Exercise input:
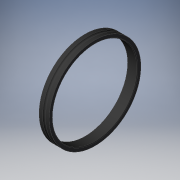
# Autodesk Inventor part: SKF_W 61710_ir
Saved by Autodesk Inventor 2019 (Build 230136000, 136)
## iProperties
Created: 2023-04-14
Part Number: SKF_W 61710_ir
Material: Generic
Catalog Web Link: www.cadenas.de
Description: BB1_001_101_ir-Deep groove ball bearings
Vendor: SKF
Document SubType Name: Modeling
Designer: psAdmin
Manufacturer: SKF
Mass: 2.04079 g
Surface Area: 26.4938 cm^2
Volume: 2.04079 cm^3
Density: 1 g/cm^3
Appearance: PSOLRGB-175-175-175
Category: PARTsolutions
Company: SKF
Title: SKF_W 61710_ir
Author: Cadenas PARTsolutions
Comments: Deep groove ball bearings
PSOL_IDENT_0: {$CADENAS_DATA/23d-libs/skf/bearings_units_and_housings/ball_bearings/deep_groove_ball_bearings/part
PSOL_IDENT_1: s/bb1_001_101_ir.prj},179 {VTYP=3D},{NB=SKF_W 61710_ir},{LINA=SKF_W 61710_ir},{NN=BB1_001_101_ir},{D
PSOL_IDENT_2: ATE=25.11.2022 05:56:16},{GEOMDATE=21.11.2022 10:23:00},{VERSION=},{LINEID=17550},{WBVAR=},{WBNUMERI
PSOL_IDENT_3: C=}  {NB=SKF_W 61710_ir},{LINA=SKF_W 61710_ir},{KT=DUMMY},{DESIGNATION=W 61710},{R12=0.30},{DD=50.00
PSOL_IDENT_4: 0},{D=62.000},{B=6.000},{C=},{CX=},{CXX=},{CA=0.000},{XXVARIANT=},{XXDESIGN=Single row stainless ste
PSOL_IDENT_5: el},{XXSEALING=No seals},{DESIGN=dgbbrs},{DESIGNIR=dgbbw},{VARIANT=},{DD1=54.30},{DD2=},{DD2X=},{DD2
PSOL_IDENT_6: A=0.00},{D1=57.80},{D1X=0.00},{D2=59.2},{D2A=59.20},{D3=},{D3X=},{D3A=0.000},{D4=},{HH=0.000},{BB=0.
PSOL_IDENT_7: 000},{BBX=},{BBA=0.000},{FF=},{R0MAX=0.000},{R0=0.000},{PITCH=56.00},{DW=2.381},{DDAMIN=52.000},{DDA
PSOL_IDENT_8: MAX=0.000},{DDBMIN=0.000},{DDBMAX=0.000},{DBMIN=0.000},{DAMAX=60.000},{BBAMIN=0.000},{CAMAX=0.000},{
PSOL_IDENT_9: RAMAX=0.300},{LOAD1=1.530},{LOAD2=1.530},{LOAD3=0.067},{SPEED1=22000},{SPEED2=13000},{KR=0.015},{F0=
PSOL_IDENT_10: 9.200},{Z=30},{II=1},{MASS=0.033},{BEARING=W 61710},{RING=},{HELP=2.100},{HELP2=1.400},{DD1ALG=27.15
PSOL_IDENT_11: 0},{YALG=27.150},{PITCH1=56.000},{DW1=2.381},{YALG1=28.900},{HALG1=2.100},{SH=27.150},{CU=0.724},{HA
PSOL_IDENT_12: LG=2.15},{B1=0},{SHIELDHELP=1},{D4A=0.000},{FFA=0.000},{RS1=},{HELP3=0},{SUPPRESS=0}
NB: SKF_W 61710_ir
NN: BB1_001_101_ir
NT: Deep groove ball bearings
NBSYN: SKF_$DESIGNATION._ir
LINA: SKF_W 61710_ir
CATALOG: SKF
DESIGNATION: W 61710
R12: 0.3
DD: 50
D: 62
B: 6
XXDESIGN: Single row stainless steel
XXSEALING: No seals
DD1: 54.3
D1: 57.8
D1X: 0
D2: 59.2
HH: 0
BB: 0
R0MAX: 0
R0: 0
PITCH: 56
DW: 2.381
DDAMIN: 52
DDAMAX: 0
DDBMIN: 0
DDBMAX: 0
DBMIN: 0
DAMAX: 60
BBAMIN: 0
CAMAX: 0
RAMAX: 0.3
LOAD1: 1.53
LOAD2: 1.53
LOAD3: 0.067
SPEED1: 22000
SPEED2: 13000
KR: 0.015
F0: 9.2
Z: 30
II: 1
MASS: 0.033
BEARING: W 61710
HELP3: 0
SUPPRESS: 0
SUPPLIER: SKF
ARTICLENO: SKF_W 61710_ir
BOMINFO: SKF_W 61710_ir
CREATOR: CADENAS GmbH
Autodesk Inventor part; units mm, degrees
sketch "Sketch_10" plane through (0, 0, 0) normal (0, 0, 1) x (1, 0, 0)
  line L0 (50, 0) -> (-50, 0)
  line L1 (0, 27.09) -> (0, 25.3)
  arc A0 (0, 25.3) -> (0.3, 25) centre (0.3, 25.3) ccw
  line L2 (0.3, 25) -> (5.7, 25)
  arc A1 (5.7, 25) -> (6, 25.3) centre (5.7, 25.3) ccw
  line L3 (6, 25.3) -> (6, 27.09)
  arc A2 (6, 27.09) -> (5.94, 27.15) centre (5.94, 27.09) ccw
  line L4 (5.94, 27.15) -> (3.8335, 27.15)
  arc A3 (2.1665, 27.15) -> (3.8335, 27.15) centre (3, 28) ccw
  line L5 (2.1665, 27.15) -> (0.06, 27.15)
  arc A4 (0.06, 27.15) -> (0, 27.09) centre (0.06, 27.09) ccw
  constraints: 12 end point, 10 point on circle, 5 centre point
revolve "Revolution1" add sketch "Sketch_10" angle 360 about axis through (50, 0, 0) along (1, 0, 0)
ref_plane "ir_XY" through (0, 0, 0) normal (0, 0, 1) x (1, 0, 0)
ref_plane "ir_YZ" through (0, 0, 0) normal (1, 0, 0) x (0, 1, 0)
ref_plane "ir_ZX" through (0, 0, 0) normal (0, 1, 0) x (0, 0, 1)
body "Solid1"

Task objective:
If an entry above holds a picture, omit the picture but retype everything else exactly.

Written solution:
# Autodesk Inventor part: SKF_W 61710_ir
Saved by Autodesk Inventor 2019 (Build 230136000, 136)
## iProperties
Created: 2023-04-14
Part Number: SKF_W 61710_ir
Material: Generic
Catalog Web Link: www.cadenas.de
Description: BB1_001_101_ir-Deep groove ball bearings
Vendor: SKF
Document SubType Name: Modeling
Designer: psAdmin
Manufacturer: SKF
Mass: 2.04079 g
Surface Area: 26.4938 cm^2
Volume: 2.04079 cm^3
Density: 1 g/cm^3
Appearance: PSOLRGB-175-175-175
Category: PARTsolutions
Company: SKF
Title: SKF_W 61710_ir
Author: Cadenas PARTsolutions
Comments: Deep groove ball bearings
PSOL_IDENT_0: {$CADENAS_DATA/23d-libs/skf/bearings_units_and_housings/ball_bearings/deep_groove_ball_bearings/part
PSOL_IDENT_1: s/bb1_001_101_ir.prj},179 {VTYP=3D},{NB=SKF_W 61710_ir},{LINA=SKF_W 61710_ir},{NN=BB1_001_101_ir},{D
PSOL_IDENT_2: ATE=25.11.2022 05:56:16},{GEOMDATE=21.11.2022 10:23:00},{VERSION=},{LINEID=17550},{WBVAR=},{WBNUMERI
PSOL_IDENT_3: C=}  {NB=SKF_W 61710_ir},{LINA=SKF_W 61710_ir},{KT=DUMMY},{DESIGNATION=W 61710},{R12=0.30},{DD=50.00
PSOL_IDENT_4: 0},{D=62.000},{B=6.000},{C=},{CX=},{CXX=},{CA=0.000},{XXVARIANT=},{XXDESIGN=Single row stainless ste
PSOL_IDENT_5: el},{XXSEALING=No seals},{DESIGN=dgbbrs},{DESIGNIR=dgbbw},{VARIANT=},{DD1=54.30},{DD2=},{DD2X=},{DD2
PSOL_IDENT_6: A=0.00},{D1=57.80},{D1X=0.00},{D2=59.2},{D2A=59.20},{D3=},{D3X=},{D3A=0.000},{D4=},{HH=0.000},{BB=0.
PSOL_IDENT_7: 000},{BBX=},{BBA=0.000},{FF=},{R0MAX=0.000},{R0=0.000},{PITCH=56.00},{DW=2.381},{DDAMIN=52.000},{DDA
PSOL_IDENT_8: MAX=0.000},{DDBMIN=0.000},{DDBMAX=0.000},{DBMIN=0.000},{DAMAX=60.000},{BBAMIN=0.000},{CAMAX=0.000},{
PSOL_IDENT_9: RAMAX=0.300},{LOAD1=1.530},{LOAD2=1.530},{LOAD3=0.067},{SPEED1=22000},{SPEED2=13000},{KR=0.015},{F0=
PSOL_IDENT_10: 9.200},{Z=30},{II=1},{MASS=0.033},{BEARING=W 61710},{RING=},{HELP=2.100},{HELP2=1.400},{DD1ALG=27.15
PSOL_IDENT_11: 0},{YALG=27.150},{PITCH1=56.000},{DW1=2.381},{YALG1=28.900},{HALG1=2.100},{SH=27.150},{CU=0.724},{HA
PSOL_IDENT_12: LG=2.15},{B1=0},{SHIELDHELP=1},{D4A=0.000},{FFA=0.000},{RS1=},{HELP3=0},{SUPPRESS=0}
NB: SKF_W 61710_ir
NN: BB1_001_101_ir
NT: Deep groove ball bearings
NBSYN: SKF_$DESIGNATION._ir
LINA: SKF_W 61710_ir
CATALOG: SKF
DESIGNATION: W 61710
R12: 0.3
DD: 50
D: 62
B: 6
XXDESIGN: Single row stainless steel
XXSEALING: No seals
DD1: 54.3
D1: 57.8
D1X: 0
D2: 59.2
HH: 0
BB: 0
R0MAX: 0
R0: 0
PITCH: 56
DW: 2.381
DDAMIN: 52
DDAMAX: 0
DDBMIN: 0
DDBMAX: 0
DBMIN: 0
DAMAX: 60
BBAMIN: 0
CAMAX: 0
RAMAX: 0.3
LOAD1: 1.53
LOAD2: 1.53
LOAD3: 0.067
SPEED1: 22000
SPEED2: 13000
KR: 0.015
F0: 9.2
Z: 30
II: 1
MASS: 0.033
BEARING: W 61710
HELP3: 0
SUPPRESS: 0
SUPPLIER: SKF
ARTICLENO: SKF_W 61710_ir
BOMINFO: SKF_W 61710_ir
CREATOR: CADENAS GmbH
Autodesk Inventor part; units mm, degrees
sketch "Sketch_10" plane through (0, 0, 0) normal (0, 0, 1) x (1, 0, 0)
  line L0 (50, 0) -> (-50, 0)
  line L1 (0, 27.09) -> (0, 25.3)
  arc A0 (0, 25.3) -> (0.3, 25) centre (0.3, 25.3) ccw
  line L2 (0.3, 25) -> (5.7, 25)
  arc A1 (5.7, 25) -> (6, 25.3) centre (5.7, 25.3) ccw
  line L3 (6, 25.3) -> (6, 27.09)
  arc A2 (6, 27.09) -> (5.94, 27.15) centre (5.94, 27.09) ccw
  line L4 (5.94, 27.15) -> (3.8335, 27.15)
  arc A3 (2.1665, 27.15) -> (3.8335, 27.15) centre (3, 28) ccw
  line L5 (2.1665, 27.15) -> (0.06, 27.15)
  arc A4 (0.06, 27.15) -> (0, 27.09) centre (0.06, 27.09) ccw
  constraints: 12 end point, 10 point on circle, 5 centre point
revolve "Revolution1" add sketch "Sketch_10" angle 360 about axis through (50, 0, 0) along (1, 0, 0)
ref_plane "ir_XY" through (0, 0, 0) normal (0, 0, 1) x (1, 0, 0)
ref_plane "ir_YZ" through (0, 0, 0) normal (1, 0, 0) x (0, 1, 0)
ref_plane "ir_ZX" through (0, 0, 0) normal (0, 1, 0) x (0, 0, 1)
body "Solid1"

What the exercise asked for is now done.